▶ [Aim of the exercise]:
Going down the data below, set down exactly the line with "CoolFan_control : Subsystem" and each line after it through the line with "VACC_TWVMoveEnable_flg : Outport"; no other lines.

▶

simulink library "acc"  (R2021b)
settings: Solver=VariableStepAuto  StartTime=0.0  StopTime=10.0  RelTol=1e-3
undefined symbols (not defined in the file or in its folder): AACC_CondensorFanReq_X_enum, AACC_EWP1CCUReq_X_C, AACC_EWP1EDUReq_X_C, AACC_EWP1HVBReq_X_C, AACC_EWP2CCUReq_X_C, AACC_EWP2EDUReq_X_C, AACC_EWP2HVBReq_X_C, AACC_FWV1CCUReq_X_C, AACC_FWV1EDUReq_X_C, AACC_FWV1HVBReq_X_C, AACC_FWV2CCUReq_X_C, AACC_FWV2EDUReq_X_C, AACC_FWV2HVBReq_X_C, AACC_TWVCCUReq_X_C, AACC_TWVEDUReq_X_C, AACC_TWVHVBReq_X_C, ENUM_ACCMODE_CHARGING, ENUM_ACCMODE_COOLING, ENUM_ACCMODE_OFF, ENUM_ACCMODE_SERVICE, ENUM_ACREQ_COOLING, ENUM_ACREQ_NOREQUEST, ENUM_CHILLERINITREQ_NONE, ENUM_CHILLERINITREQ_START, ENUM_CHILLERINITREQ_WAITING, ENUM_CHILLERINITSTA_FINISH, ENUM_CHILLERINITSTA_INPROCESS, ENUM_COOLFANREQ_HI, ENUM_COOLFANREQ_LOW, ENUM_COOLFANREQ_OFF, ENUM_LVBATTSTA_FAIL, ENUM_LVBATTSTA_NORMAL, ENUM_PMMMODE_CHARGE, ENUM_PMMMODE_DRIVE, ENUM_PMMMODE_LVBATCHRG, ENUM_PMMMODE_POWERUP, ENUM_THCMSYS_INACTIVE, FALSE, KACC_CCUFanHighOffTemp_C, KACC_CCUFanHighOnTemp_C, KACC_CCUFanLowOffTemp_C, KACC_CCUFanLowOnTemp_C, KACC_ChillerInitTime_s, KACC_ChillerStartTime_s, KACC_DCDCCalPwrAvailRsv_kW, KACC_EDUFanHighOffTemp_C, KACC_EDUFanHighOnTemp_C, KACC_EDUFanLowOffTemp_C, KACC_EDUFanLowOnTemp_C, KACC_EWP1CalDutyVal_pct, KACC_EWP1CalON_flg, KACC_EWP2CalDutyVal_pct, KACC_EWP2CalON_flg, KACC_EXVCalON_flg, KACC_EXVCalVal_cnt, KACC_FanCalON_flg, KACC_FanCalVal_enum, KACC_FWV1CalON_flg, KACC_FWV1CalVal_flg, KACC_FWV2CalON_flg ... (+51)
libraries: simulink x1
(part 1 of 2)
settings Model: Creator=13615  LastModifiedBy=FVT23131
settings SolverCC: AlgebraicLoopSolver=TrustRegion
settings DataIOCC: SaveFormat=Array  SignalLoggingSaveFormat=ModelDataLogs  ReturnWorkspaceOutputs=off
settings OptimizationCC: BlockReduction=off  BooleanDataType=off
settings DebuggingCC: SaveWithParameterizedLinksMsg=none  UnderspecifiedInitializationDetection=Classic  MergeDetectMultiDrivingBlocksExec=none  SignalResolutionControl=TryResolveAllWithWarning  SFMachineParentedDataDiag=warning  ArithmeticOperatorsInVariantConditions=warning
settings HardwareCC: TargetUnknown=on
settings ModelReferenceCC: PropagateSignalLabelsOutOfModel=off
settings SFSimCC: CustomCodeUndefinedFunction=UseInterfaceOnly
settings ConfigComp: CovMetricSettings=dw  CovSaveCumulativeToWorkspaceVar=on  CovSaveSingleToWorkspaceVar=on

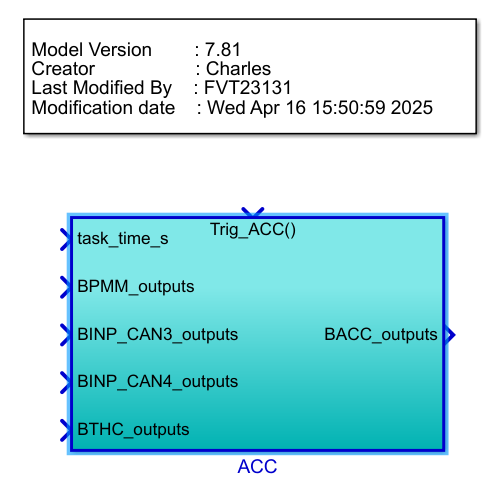
[thumbnail: Simulink's stored preview of the top-level diagram]
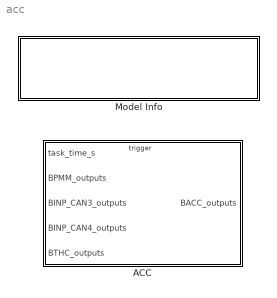
== system acc ==
  ACC : Subsystem  TreatAsAtomicUnit=on
      settings: RTWSystemCode=Nonreusable function  RTWFcnNameOpts=Use subsystem name  RTWFileNameOpts=Use subsystem name
  Model Info : Subsystem  LoadFcn=slcm LoadBlock;  InitFcn=slcm('UpdateAllCMBlocksInThisModelInit')  mask(CMBlock){InitialSaveTempField=, InitialBlockCM=None, BlockCM=None, Frame=on, SaveTempField=, DisplayStringWithTags=|, MaskDisplayString=Model Version        : 7.84\nCreator                   : Charles\nLast Modified By    : FVT23131\nModification date    : Wed Apr 16 17:01:18 2025, HorizontalTextAlignment=Left, LeftAlignmentValue=0.02, SourceBlockDiagram=acc, TagMaxNumber=20, CMTag1=, CMTag2=, CMTag3=, CMTag4=, CMTag5=, CMTag6=, CMTag7=, CMTag8=, CMTag9=, CMTag10=, CMTag11=, CMTag12=, CMTag13=, CMTag14=, CMTag15=, CMTag16=, CMTag17=, CMTag18=, CMTag19=, CMTag20=}
      mask DisplayStringWithTags=|
      | Model Version        : %<ModelVersion>
      | Creator                   : Charles
      | Last Modified By    : %<LastModifiedBy>
      | Modification date    : %<LastModificationDate>
      mask help: This block allows revision control information to be displayed within the model.
      settings: CopyFcn=slcm CopyBlock;  DeleteFcn=slcm Cancel;  PostSaveFcn=slcm('UpdateAllCMBlocksInThisModel')  NameChangeFcn=slcm Rename;  OpenFcn=slcm
      mask Display: text(str2num(LeftAlignmentValue), 0.5, MaskDisplayString, 'HorizontalAlignment', HorizontalTextAlignment)

== system acc/ACC ==
  task_time_s : Inport
  BPMM_outputs : Inport  Port=2  OutDataTypeStr=Bus: BPMM_outputs
  BINP_CAN3_outputs : Inport  Port=3  OutDataTypeStr=Bus: BINP_CAN3_outputs
  BINP_CAN4_outputs : Inport  Port=4  OutDataTypeStr=Bus: BINP_CAN4_outputs
  BTHC_outputs : Inport  Port=5  OutDataTypeStr=Bus: BTHC_outputs
  Trig_ACC : TriggerPort  TriggerType=function-call  VariantControl=(inherit)
  ACC : Subsystem  Commented=on  AncestorBlock=acc/ACC/ACC
  Bus Creator : BusCreator  Inputs=4  OutDataTypeStr=Bus: BACC_outputs
  Bus Selector : BusSelector  OutputSignals=VINP_COMPActualPwr_W
  Bus Selector1 : BusSelector  OutputSignals=VINP_LVBattDet12V_V,VINP_HVBPwrAvailDchrg_kW,VINP_FrMCUDCBusVolt_V,VINP_FrMCUDCBusCurr_A,VINP_RrMCUDCBusVolt_V,VINP_RrMCUDCBusCurr_A,VINP_DCDCHVCur_A,VINP_DCDCInVoltInf_V
  Bus Selector12 : BusSelector  OutputSignals=VTHC_FDFrLeAPTCHeatPwrCmd_W,VTHC_FDFrRiAPTCHeatPwrCmd_W,VTHC_FDRrAPTCHeatPwrCmd_W,VTHC_FDFrWPTCHeatPwrCmd_W
  Bus Selector2 : BusSelector  OutputSignals=VPMM_HVPwrSta_flg,VPMM_LVPwrSta_flg
  Model Info : simulink/Model-Wide Utilities/Model Info  Frame=on  DisplayStringWithTags=|  HorizontalTextAlignment=Center  LeftAlignmentValue=0.5
      | $Id: ACC.mdl 2018-05-29 Lon $
      | Modified By %<ModifiedBy>
      | Modified Date : %<ModifiedDate>
  THCM : Subsystem
  BACC_outputs : Outport  OutDataTypeStr=Bus: BACC_outputs  VectorParamsAs1DForOutWhenUnconnected=off
  wires:
  BPMM_outputs/1 -> Bus Selector2/1
  Bus Creator/1 -> BACC_outputs/1  "BACC_outputs"
  BINP_CAN3_outputs/1 -> Bus Selector1/1
  Bus Selector1/1 -> THCM/4(VINP_LVBattDet12V_V)  "<VINP_LVBattDet12V_V>"
  task_time_s/1 -> THCM/1(task_time_s)
  Bus Selector1/2 -> THCM/5(VINP_HVBPwrAvailDchrg_kW)  "<VINP_HVBPwrAvailDchrg_kW>"
  Bus Selector1/3 -> THCM/6(VINP_FrMCUDCBusVolt_V)  "<VINP_FrMCUDCBusVolt_V>"
  Bus Selector1/4 -> THCM/7(VINP_FrMCUDCBusCurr_A)  "<VINP_FrMCUDCBusCurr_A>"
  Bus Selector1/5 -> THCM/8(VINP_RrMCUDCBusVolt_V)  "<VINP_RrMCUDCBusVolt_V>"
  Bus Selector1/6 -> THCM/9(VINP_RrMCUDCBusCurr_A)  "<VINP_RrMCUDCBusCurr_A>"
  THCM/3(VACC_VehHVPwrAvail4THCM_W) -> Bus Creator/3
  THCM/1(VACC_HVTHCMSysAvail_enum) -> Bus Creator/1
  THCM/2(VACC_LVBattVoltSta_enum) -> Bus Creator/2
  Bus Selector2/1 -> THCM/2(VPMM_HVPwrSta_flg)  "<VPMM_HVPwrSta_flg>"
  Bus Selector2/2 -> THCM/3(VPMM_LVPwrSta_flg)  "<VPMM_LVPwrSta_flg>"
  Bus Selector1/7 -> THCM/10(VINP_DCDCHVCur_A)  "<VINP_DCDCHVCur_A>"
  Bus Selector1/8 -> THCM/11(VINP_DCDCInVoltInf_V)  "<VINP_DCDCInVoltInf_V>"
  BINP_CAN4_outputs/1 -> Bus Selector/1
  Bus Selector/1 -> THCM/12(VINP_COMPActualPwr_W)  "<VINP_COMPActualPwr_W>"
  BTHC_outputs/1 -> Bus Selector12/1
  Bus Selector12/1 -> THCM/13(VTHC_FDFrLeAPTCHeatPwrCmd_W)  "<VTHC_FDFrLeAPTCHeatPwrCmd_W>"
  Bus Selector12/2 -> THCM/14(VTHC_FDFrRiAPTCHeatPwrCmd_W)  "<VTHC_FDFrRiAPTCHeatPwrCmd_W>"
  Bus Selector12/3 -> THCM/15(VTHC_FDRrAPTCHeatPwrCmd_W)  "<VTHC_FDRrAPTCHeatPwrCmd_W>"
  Bus Selector12/4 -> THCM/16(VTHC_FDFrWPTCHeatPwrCmd_W)  "<VTHC_FDFrWPTCHeatPwrCmd_W>"
  THCM/4(VACC_TMPwrAvailDchrg_kW) -> Bus Creator/4

== system acc/Model Info ==
  EmptySubsystem : Subsystem

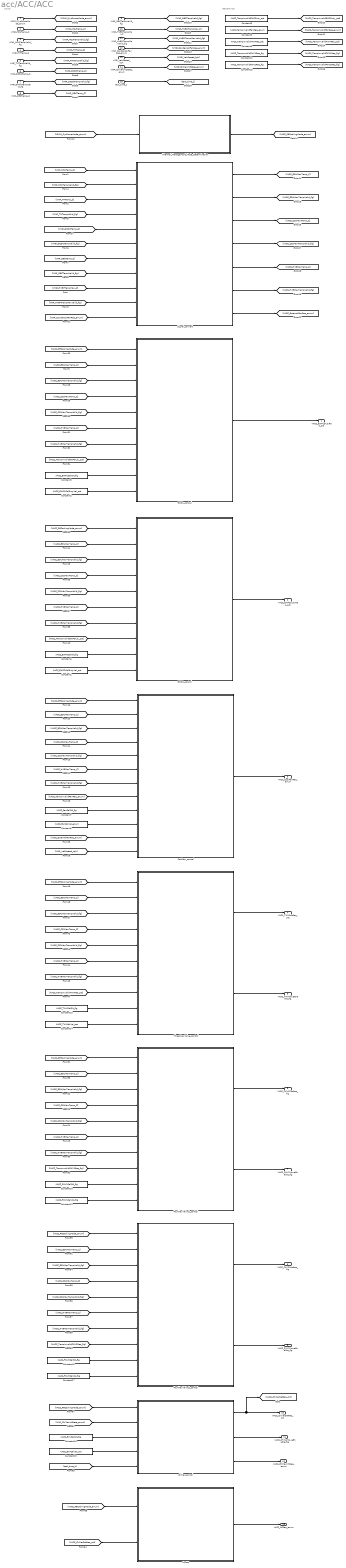
== system acc/ACC/ACC ==
  note: General Cal
  note: Inputs
  VPMM_SysPowerMode_enum : Inport
  VINP_MCUTemp_C : Inport  Port=2
  VINP_MCUTempValid_flg : Inport  Port=3
  VINP_TMTemp_C : Inport  Port=4
  VINP_TMTempValid_flg : Inport  Port=5
  VINP_DCDCTemp_C : Inport  Port=6
  VINP_DCDCTempValid_flg : Inport  Port=7
  VINP_OBCTemp_C : Inport  Port=8
  VINP_OBCTempValid_flg : Inport  Port=9
  VINP_HVBMTempMax_C : Inport  Port=10
  VINP_HVBMTempMaxValid_flg : Inport  Port=11
  VINP_CondensorFanReq_enum : Inport  Port=12
  VINP_VehSpeed_kph : Inport  Port=13
  VINP_ChillerInitState_enum : Inport  Port=14
  task_time_s : Inport  Port=15
  ACReq : Subsystem
  Chiller_control : Subsystem
  Constant1 : Constant  Value=KACC_EWP2CalDutyVal_pct
  Constant10 : Constant  Value=KACC_FWV1CalON_flg
  Constant11 : Constant  Value=KACC_FWV1CalVal_flg
  Constant12 : Constant  Value=KACC_TempInvalidFWV1Req_flg
  Constant13 : Constant  Value=KACC_TWVCalON_flg
  Constant14 : Constant  Value=KACC_TWVCalVal_pct
  Constant15 : Constant  Value=KACC_TempInvalidFWV2Req_flg
  Constant16 : Constant  Value=KACC_FWV2CalON_flg
  Constant17 : Constant  Value=KACC_FWV2CalVal_flg
  Constant18 : Constant  Value=KACC_EXVCalON_flg
  Constant19 : Constant  Value=KACC_EXVCalVal_cnt
  Constant2 : Constant  Value=KACC_EWP1CalDutyVal_pct
  Constant3 : Constant  Value=KACC_EWP1CalON_flg
  Constant4 : Constant  Value=KACC_EWP2CalON_flg
  Constant5 : Constant  Value=KACC_TempInvalidEWPDuty_pct
  Constant6 : Constant  Value=KACC_FanCalVal_enum
  Constant7 : Constant  Value=KACC_FanCalON_flg
  Constant8 : Constant  Value=KACC_TempInvalidTWVReq_pct
  Constant9 : Constant  Value=KACC_TempInvalidFanReq_enum
  CoolFan_control : Subsystem
  EWP1_control : Subsystem
  EWP2_control : Subsystem
  FourWayValve1_control : Subsystem
  FourWayValve2_control : Subsystem
  Signal_convert : Subsystem
  Thermal_Managemant_Mode_Determination : Subsystem
  ThreeWayValve_control : Subsystem
  VACC_EWP1DutyReq_pct : Outport  VectorParamsAs1DForOutWhenUnconnected=off
  VACC_EWP2DutyReq_pct : Outport  Port=2  VectorParamsAs1DForOutWhenUnconnected=off
  VACC_CoolFanReq_enum : Outport  Port=3  VectorParamsAs1DForOutWhenUnconnected=off
  VACC_TWVPosReq_pct : Outport  Port=4  VectorParamsAs1DForOutWhenUnconnected=off
  VACC_TWVMoveEnable_flg : Outport  Port=5  VectorParamsAs1DForOutWhenUnconnected=off
  VACC_FWV1PosReq_flg : Outport  Port=6  VectorParamsAs1DForOutWhenUnconnected=off
  VACC_FWV1MoveEnable_flg : Outport  Port=7  VectorParamsAs1DForOutWhenUnconnected=off
  VACC_FWV2PosReq_flg : Outport  Port=8  VectorParamsAs1DForOutWhenUnconnected=off
  VACC_FWV2MoveEnable_flg : Outport  Port=9  VectorParamsAs1DForOutWhenUnconnected=off
  VACC_ChillerSetReq_cnt : Outport  Port=10  VectorParamsAs1DForOutWhenUnconnected=off
  VACC_ChillerMoveEnable_flg : Outport  Port=11  VectorParamsAs1DForOutWhenUnconnected=off
  VACC_ChillerInitReq_enum : Outport  Port=12  VectorParamsAs1DForOutWhenUnconnected=off
  VACC_ACReq_enum : Outport  Port=13  VectorParamsAs1DForOutWhenUnconnected=off
  wires:
  [task_time_s] -> Chiller_control/5(task_time_s)
  task_time_s/1 -> [task_time_s]
  [VINP_ChillerInitState_enum] -> Chiller_control/2(VINP_ChillerInitState_enum)
  VINP_ChillerInitState_enum/1 -> [VINP_ChillerInitState_enum]
  Chiller_control/3(VACC_ChillerInitReq_enum) -> VACC_ChillerInitReq_enum/1  "VACC_ChillerInitReq_enum"
  Chiller_control/1(VACC_ChillerSetReq_cnt) -> [VACC_ChillerSetReq_cnt], VACC_ChillerSetReq_cnt/1  "VACC_ChillerSetReq_cnt"
  [VACC_PECoolingMode_enum] -> Chiller_control/1(VACC_PECoolingMode_enum)
  Constant18/1 -> Chiller_control/3(KACC_EXVCalON_flg)  "KACC_EXVCalON_flg"
  Constant19/1 -> Chiller_control/4(KACC_EXVCalVal_cnt)  "KACC_EXVCalVal_cnt"
  Chiller_control/2(VACC_ChillerMoveEnable_flg) -> VACC_ChillerMoveEnable_flg/1  "VACC_ChillerMoveEnable_flg"
  FourWayValve2_control/2(VACC_FWV2MoveEnable_flg) -> VACC_FWV2MoveEnable_flg/1  "VACC_FWV2MoveEnable_flg"
  Constant17/1 -> FourWayValve2_control/10(KACC_FWV2CalVal_flg)  "KACC_FWV2CalVal_flg"
  Constant16/1 -> FourWayValve2_control/9(KACC_FWV2CalON_flg)  "KACC_FWV2CalON_flg"
  [VACC_PECoolingMode_enum] -> FourWayValve2_control/1(VACC_PECoolingMode_enum)
  [VACC_CCUMaxTempValid_flg] -> FourWayValve2_control/5(VACC_CCUMaxTempValid_flg)
  [VACC_CCUMaxTemp_C] -> FourWayValve2_control/4(VACC_CCUMaxTemp_C)
  [VACC_EDUMaxTemp_C] -> FourWayValve2_control/2(VACC_EDUMaxTemp_C)
  [VACC_EDUMaxTempValid_flg] -> FourWayValve2_control/3(VACC_EDUMaxTempValid_flg)
  [VACC_HVBMaxTempValid_flg] -> FourWayValve2_control/7(VACC_HVBMaxTempValid_flg)
  FourWayValve2_control/1(VACC_FWV2PosReq_flg) -> VACC_FWV2PosReq_flg/1  "VACC_FWV2PosReq_flg"
  [VACC_HVBMaxTemp_C] -> FourWayValve2_control/6(VACC_HVBMaxTemp_C)
  [KACC_TempInvalidFWV2Req_flg] -> FourWayValve2_control/8(KACC_TempInvalidFWV2Req_flg)
  [KACC_TempInvalidFWV1Req_flg] -> FourWayValve1_control/8(KACC_TempInvalidFWV1Req_flg)
  [KACC_TempInvalidTWVReq_pct] -> ThreeWayValve_control/8(KACC_TempInvalidTWVReq_pct)
  Constant15/1 -> [KACC_TempInvalidFWV2Req_flg]  "KACC_TempInvalidFWV2Req_flg"
  Constant12/1 -> [KACC_TempInvalidFWV1Req_flg]  "KACC_TempInvalidFWV1Req_flg"
  [VACC_HVBMaxTemp_C] -> FourWayValve1_control/6(VACC_HVBMaxTemp_C)
  FourWayValve1_control/1(VACC_FWV1PosReq_flg) -> VACC_FWV1PosReq_flg/1  "VACC_FWV1PosReq_flg"
  [VACC_HVBMaxTempValid_flg] -> FourWayValve1_control/7(VACC_HVBMaxTempValid_flg)
  [VACC_EDUMaxTempValid_flg] -> FourWayValve1_control/3(VACC_EDUMaxTempValid_flg)
  [VACC_EDUMaxTemp_C] -> FourWayValve1_control/2(VACC_EDUMaxTemp_C)
  [VACC_CCUMaxTemp_C] -> FourWayValve1_control/4(VACC_CCUMaxTemp_C)
  [VACC_CCUMaxTempValid_flg] -> FourWayValve1_control/5(VACC_CCUMaxTempValid_flg)
  [VACC_PECoolingMode_enum] -> FourWayValve1_control/1(VACC_PECoolingMode_enum)
  Constant10/1 -> FourWayValve1_control/9(KACC_FWV1CalON_flg)  "KACC_FWV1CalON_flg"
  Constant11/1 -> FourWayValve1_control/10(KACC_FWV1CalVal_flg)  "KACC_FWV1CalVal_flg"
  FourWayValve1_control/2(VACC_FWV1MoveEnable_flg) -> VACC_FWV1MoveEnable_flg/1  "VACC_FWV1MoveEnable_flg"
  ThreeWayValve_control/2(VACC_TWVMoveEnable_flg) -> VACC_TWVMoveEnable_flg/1  "VACC_TWVMoveEnable_flg"
  Constant14/1 -> ThreeWayValve_control/10(KACC_TWVCalVal_pct)  "KACC_TWVCalVal_pct"
  Constant13/1 -> ThreeWayValve_control/9(KACC_TWVCalON_flg)  "KACC_TWVCalON_flg"
  Constant8/1 -> [KACC_TempInvalidTWVReq_pct]  "KACC_TempInvalidTWVReq_pct"
  [VACC_PECoolingMode_enum] -> ThreeWayValve_control/1(VACC_PECoolingMode_enum)
  [VACC_CCUMaxTempValid_flg] -> ThreeWayValve_control/5(VACC_CCUMaxTempValid_flg)
  [VACC_CCUMaxTemp_C] -> ThreeWayValve_control/4(VACC_CCUMaxTemp_C)
  [VACC_EDUMaxTemp_C] -> ThreeWayValve_control/2(VACC_EDUMaxTemp_C)
  [VACC_EDUMaxTempValid_flg] -> ThreeWayValve_control/3(VACC_EDUMaxTempValid_flg)
  [VACC_HVBMaxTempValid_flg] -> ThreeWayValve_control/7(VACC_HVBMaxTempValid_flg)
  ThreeWayValve_control/1(VACC_TWVPosReq_pct) -> VACC_TWVPosReq_pct/1  "VACC_TWVPosReq_pct"
  [VACC_HVBMaxTemp_C] -> ThreeWayValve_control/6(VACC_HVBMaxTemp_C)
  [VINP_VehSpeed_kph] -> CoolFan_control/12(VINP_VehSpeed_kph)
  VINP_VehSpeed_kph/1 -> [VINP_VehSpeed_kph]
  [VACC_ExternalFanReq_enum] -> CoolFan_control/11(VACC_ExternalFanReq_enum)
  Signal_convert/7(VACC_ExternalFanReq_enum) -> [VACC_ExternalFanReq_enum]  "VACC_ExternalFanReq_enum"
  [VINP_CondensorFanReq_enum] -> Signal_convert/11(VINP_CondensorFanReq_enum)
  [KACC_TempInvalidFanReq_enum] -> CoolFan_control/8(KACC_TempInvalidFanReq_enum)
  Constant6/1 -> CoolFan_control/10(KACC_FanCalVal_enum)  "KACC_FanCalVal_enum"
  Constant7/1 -> CoolFan_control/9(KACC_FanCalON_flg)  "KACC_FanCalON_flg"
  [VACC_CCUMaxTemp_C] -> CoolFan_control/4(VACC_CCUMaxTemp_C)
  [VACC_EDUMaxTempValid_flg] -> CoolFan_control/3(VACC_EDUMaxTempValid_flg)
  [VACC_EDUMaxTemp_C] -> CoolFan_control/2(VACC_EDUMaxTemp_C)
  [VACC_HVBMaxTempValid_flg] -> CoolFan_control/7(VACC_HVBMaxTempValid_flg)
  [VACC_HVBMaxTemp_C] -> CoolFan_control/6(VACC_HVBMaxTemp_C)
  [VACC_CCUMaxTempValid_flg] -> CoolFan_control/5(VACC_CCUMaxTempValid_flg)
  [VACC_PECoolingMode_enum] -> CoolFan_control/1(VACC_PECoolingMode_enum)
  CoolFan_control/1(VACC_CoolFanReq_enum) -> VACC_CoolFanReq_enum/1  "VACC_CoolFanReq_enum"
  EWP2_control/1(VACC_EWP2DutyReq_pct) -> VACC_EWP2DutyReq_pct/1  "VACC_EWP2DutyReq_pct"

◀

▶ [Response to this exercise]:
  CoolFan_control : Subsystem
  EWP1_control : Subsystem
  EWP2_control : Subsystem
  FourWayValve1_control : Subsystem
  FourWayValve2_control : Subsystem
  Signal_convert : Subsystem
  Thermal_Managemant_Mode_Determination : Subsystem
  ThreeWayValve_control : Subsystem
  VACC_EWP1DutyReq_pct : Outport  VectorParamsAs1DForOutWhenUnconnected=off
  VACC_EWP2DutyReq_pct : Outport  Port=2  VectorParamsAs1DForOutWhenUnconnected=off
  VACC_CoolFanReq_enum : Outport  Port=3  VectorParamsAs1DForOutWhenUnconnected=off
  VACC_TWVPosReq_pct : Outport  Port=4  VectorParamsAs1DForOutWhenUnconnected=off
  VACC_TWVMoveEnable_flg : Outport  Port=5  VectorParamsAs1DForOutWhenUnconnected=off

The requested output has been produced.